La variante delta ha resultado ser mucho más contagiosa, con mayor réplica viral y más hábil a la hora de sortear la vacuna. Una dosis ya no basta y el hecho de descartar las intervenciones no farmacológicas –como el uso de las mascarillas– ha supuesto un error. Delta ha dejado claro que la vacunación no es suficiente para acabar con la pandemia y que el objetivo de la inmunidad de rebaño se nos antoja ahora mucho más lejano. Ha puesto además de manifiesto que todos, en algún momento de nuestras vidas, nos infectaremos con el nuevo coronavirus; pero nos recuerda también que las vacunas logran controlar, en una gran mayoría de ocasiones, los casos más graves y que los fallecimientos continuarán cayendo a medida que sigamos robusteciendo nuestra inmunidad.

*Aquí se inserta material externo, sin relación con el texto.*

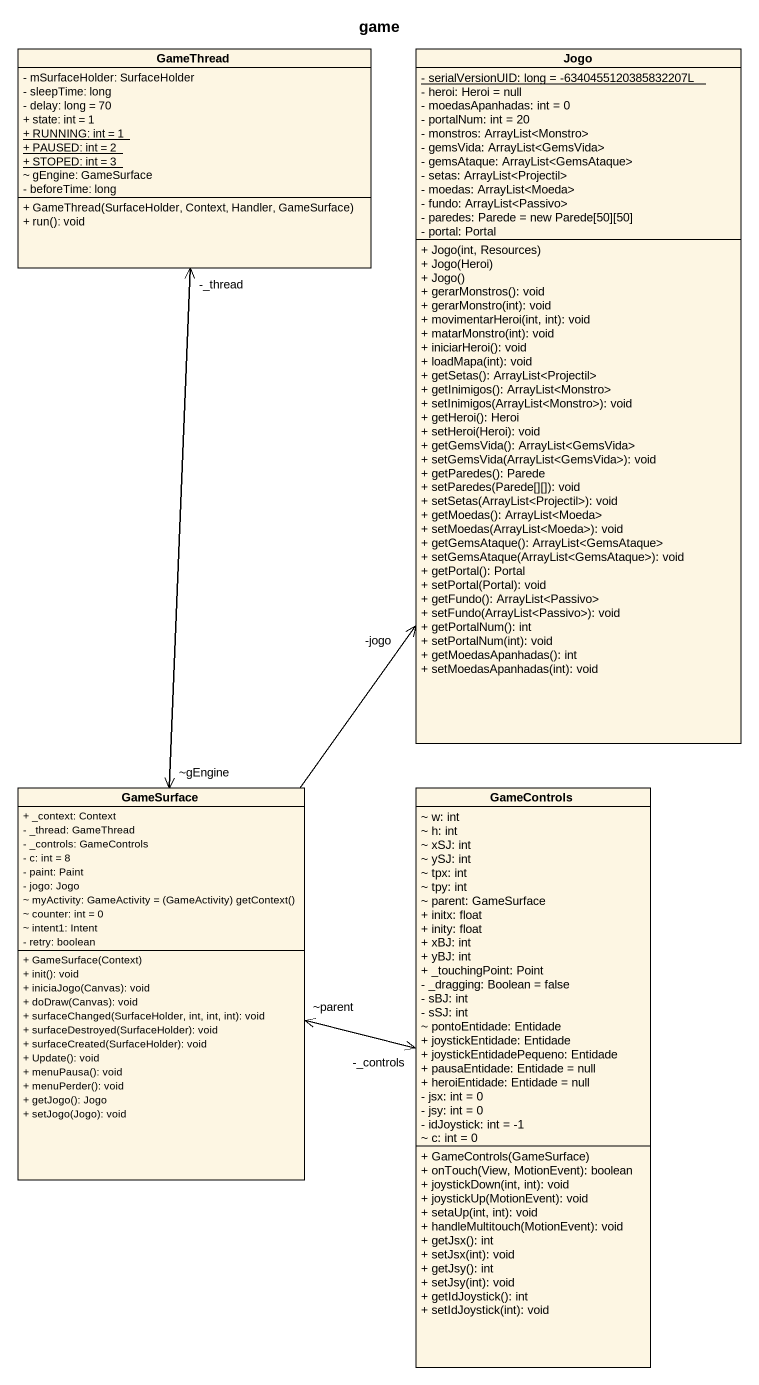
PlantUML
@startuml
title game
hide circle
hide empty members
skinparam classAttributeIconSize 0
class GameThread {
  - mSurfaceHolder: SurfaceHolder
  - sleepTime: long
  - delay: long = 70
  + state: int = 1
  {static} + RUNNING: int = 1
  {static} + PAUSED: int = 2
  {static} + STOPED: int = 3
  ~ gEngine: GameSurface
  - beforeTime: long
  + GameThread(SurfaceHolder, Context, Handler, GameSurface)
  + run(): void
}
class Jogo {
  {static} - serialVersionUID: long = -6340455120385832207L
  - heroi: Heroi = null
  - moedasApanhadas: int = 0
  - portalNum: int = 20
  - monstros: ArrayList<Monstro>
  - gemsVida: ArrayList<GemsVida>
  - gemsAtaque: ArrayList<GemsAtaque>
  - setas: ArrayList<Projectil>
  - moedas: ArrayList<Moeda>
  - fundo: ArrayList<Passivo>
  - paredes: Parede = new Parede[50][50]
  - portal: Portal
  + Jogo(int, Resources)
  + Jogo(Heroi)
  + Jogo()
  + gerarMonstros(): void
  + gerarMonstro(int): void
  + movimentarHeroi(int, int): void
  + matarMonstro(int): void
  + iniciarHeroi(): void
  + loadMapa(int): void
  + getSetas(): ArrayList<Projectil>
  + getInimigos(): ArrayList<Monstro>
  + setInimigos(ArrayList<Monstro>): void
  + getHeroi(): Heroi
  + setHeroi(Heroi): void
  + getGemsVida(): ArrayList<GemsVida>
  + setGemsVida(ArrayList<GemsVida>): void
  + getParedes(): Parede
  + setParedes(Parede[][]): void
  + setSetas(ArrayList<Projectil>): void
  + getMoedas(): ArrayList<Moeda>
  + setMoedas(ArrayList<Moeda>): void
  + getGemsAtaque(): ArrayList<GemsAtaque>
  + setGemsAtaque(ArrayList<GemsAtaque>): void
  + getPortal(): Portal
  + setPortal(Portal): void
  + getFundo(): ArrayList<Passivo>
  + setFundo(ArrayList<Passivo>): void
  + getPortalNum(): int
  + setPortalNum(int): void
  + getMoedasApanhadas(): int
  + setMoedasApanhadas(int): void
}
class GameSurface {
  + _context: Context
  - _thread: GameThread
  - _controls: GameControls
  - c: int = 8
  - paint: Paint
  - jogo: Jogo
  {field} ~ myActivity: GameActivity = (GameActivity) getContext()
  ~ counter: int = 0
  ~ intent1: Intent
  - retry: boolean
  + GameSurface(Context)
  + init(): void
  + iniciaJogo(Canvas): void
  + doDraw(Canvas): void
  + surfaceChanged(SurfaceHolder, int, int, int): void
  + surfaceDestroyed(SurfaceHolder): void
  + surfaceCreated(SurfaceHolder): void
  + Update(): void
  + menuPausa(): void
  + menuPerder(): void
  + getJogo(): Jogo
  + setJogo(Jogo): void
}
class GameControls {
  ~ w: int
  ~ h: int
  ~ xSJ: int
  ~ ySJ: int
  ~ tpx: int
  ~ tpy: int
  ~ parent: GameSurface
  + initx: float
  + inity: float
  + xBJ: int
  + yBJ: int
  + _touchingPoint: Point
  - _dragging: Boolean = false
  - sBJ: int
  - sSJ: int
  ~ pontoEntidade: Entidade
  + joystickEntidade: Entidade
  + joystickEntidadePequeno: Entidade
  + pausaEntidade: Entidade = null
  + heroiEntidade: Entidade = null
  - jsx: int = 0
  - jsy: int = 0
  - idJoystick: int = -1
  ~ c: int = 0
  + GameControls(GameSurface)
  + onTouch(View, MotionEvent): boolean
  + joystickDown(int, int): void
  + joystickUp(MotionEvent): void
  + setaUp(int, int): void
  + handleMultitouch(MotionEvent): void
  + getJsx(): int
  + setJsx(int): void
  + getJsy(): int
  + setJsy(int): void
  + getIdJoystick(): int
  + setIdJoystick(int): void
}
GameThread --> "~gEngine" GameSurface
GameSurface -up-> "-_thread" GameThread
GameSurface -up-> "-jogo" Jogo
GameSurface -right-> "-_controls" GameControls
GameControls -left-> "~parent" GameSurface
@enduml

Creo que debemos seguir siendo optimistas, aunque no ilusos. El retorno a la normalidad llevará algo más de tiempo de lo que pensábamos y seguramente va a exigir cambios en los hábitos sociales. Sospecho que, al igual que se introdujo la obligatoriedad del uso del casco en las motocicletas y de los cinturones de seguridad en los coches o que se prohibió el tabaco en lugares cerrados, las mascarillas pasarán a ser nuestros acompañantes habituales en determinadas circunstancias, como cuando vamos a un hospital o nos subimos a un avión. Se ventilarán más y mejor los espacios cerrados y se verá con peores ojos que acudamos al trabajo con síntomas de alguna afección respiratoria. Las vacunas basadas en el ARN mensajero se multiplicarán a lo largo de esta década y se convertirá en rutinaria su inoculación contra un buen número de virus cada otoño. En pocos años, nuestro mundo será un lugar distinto.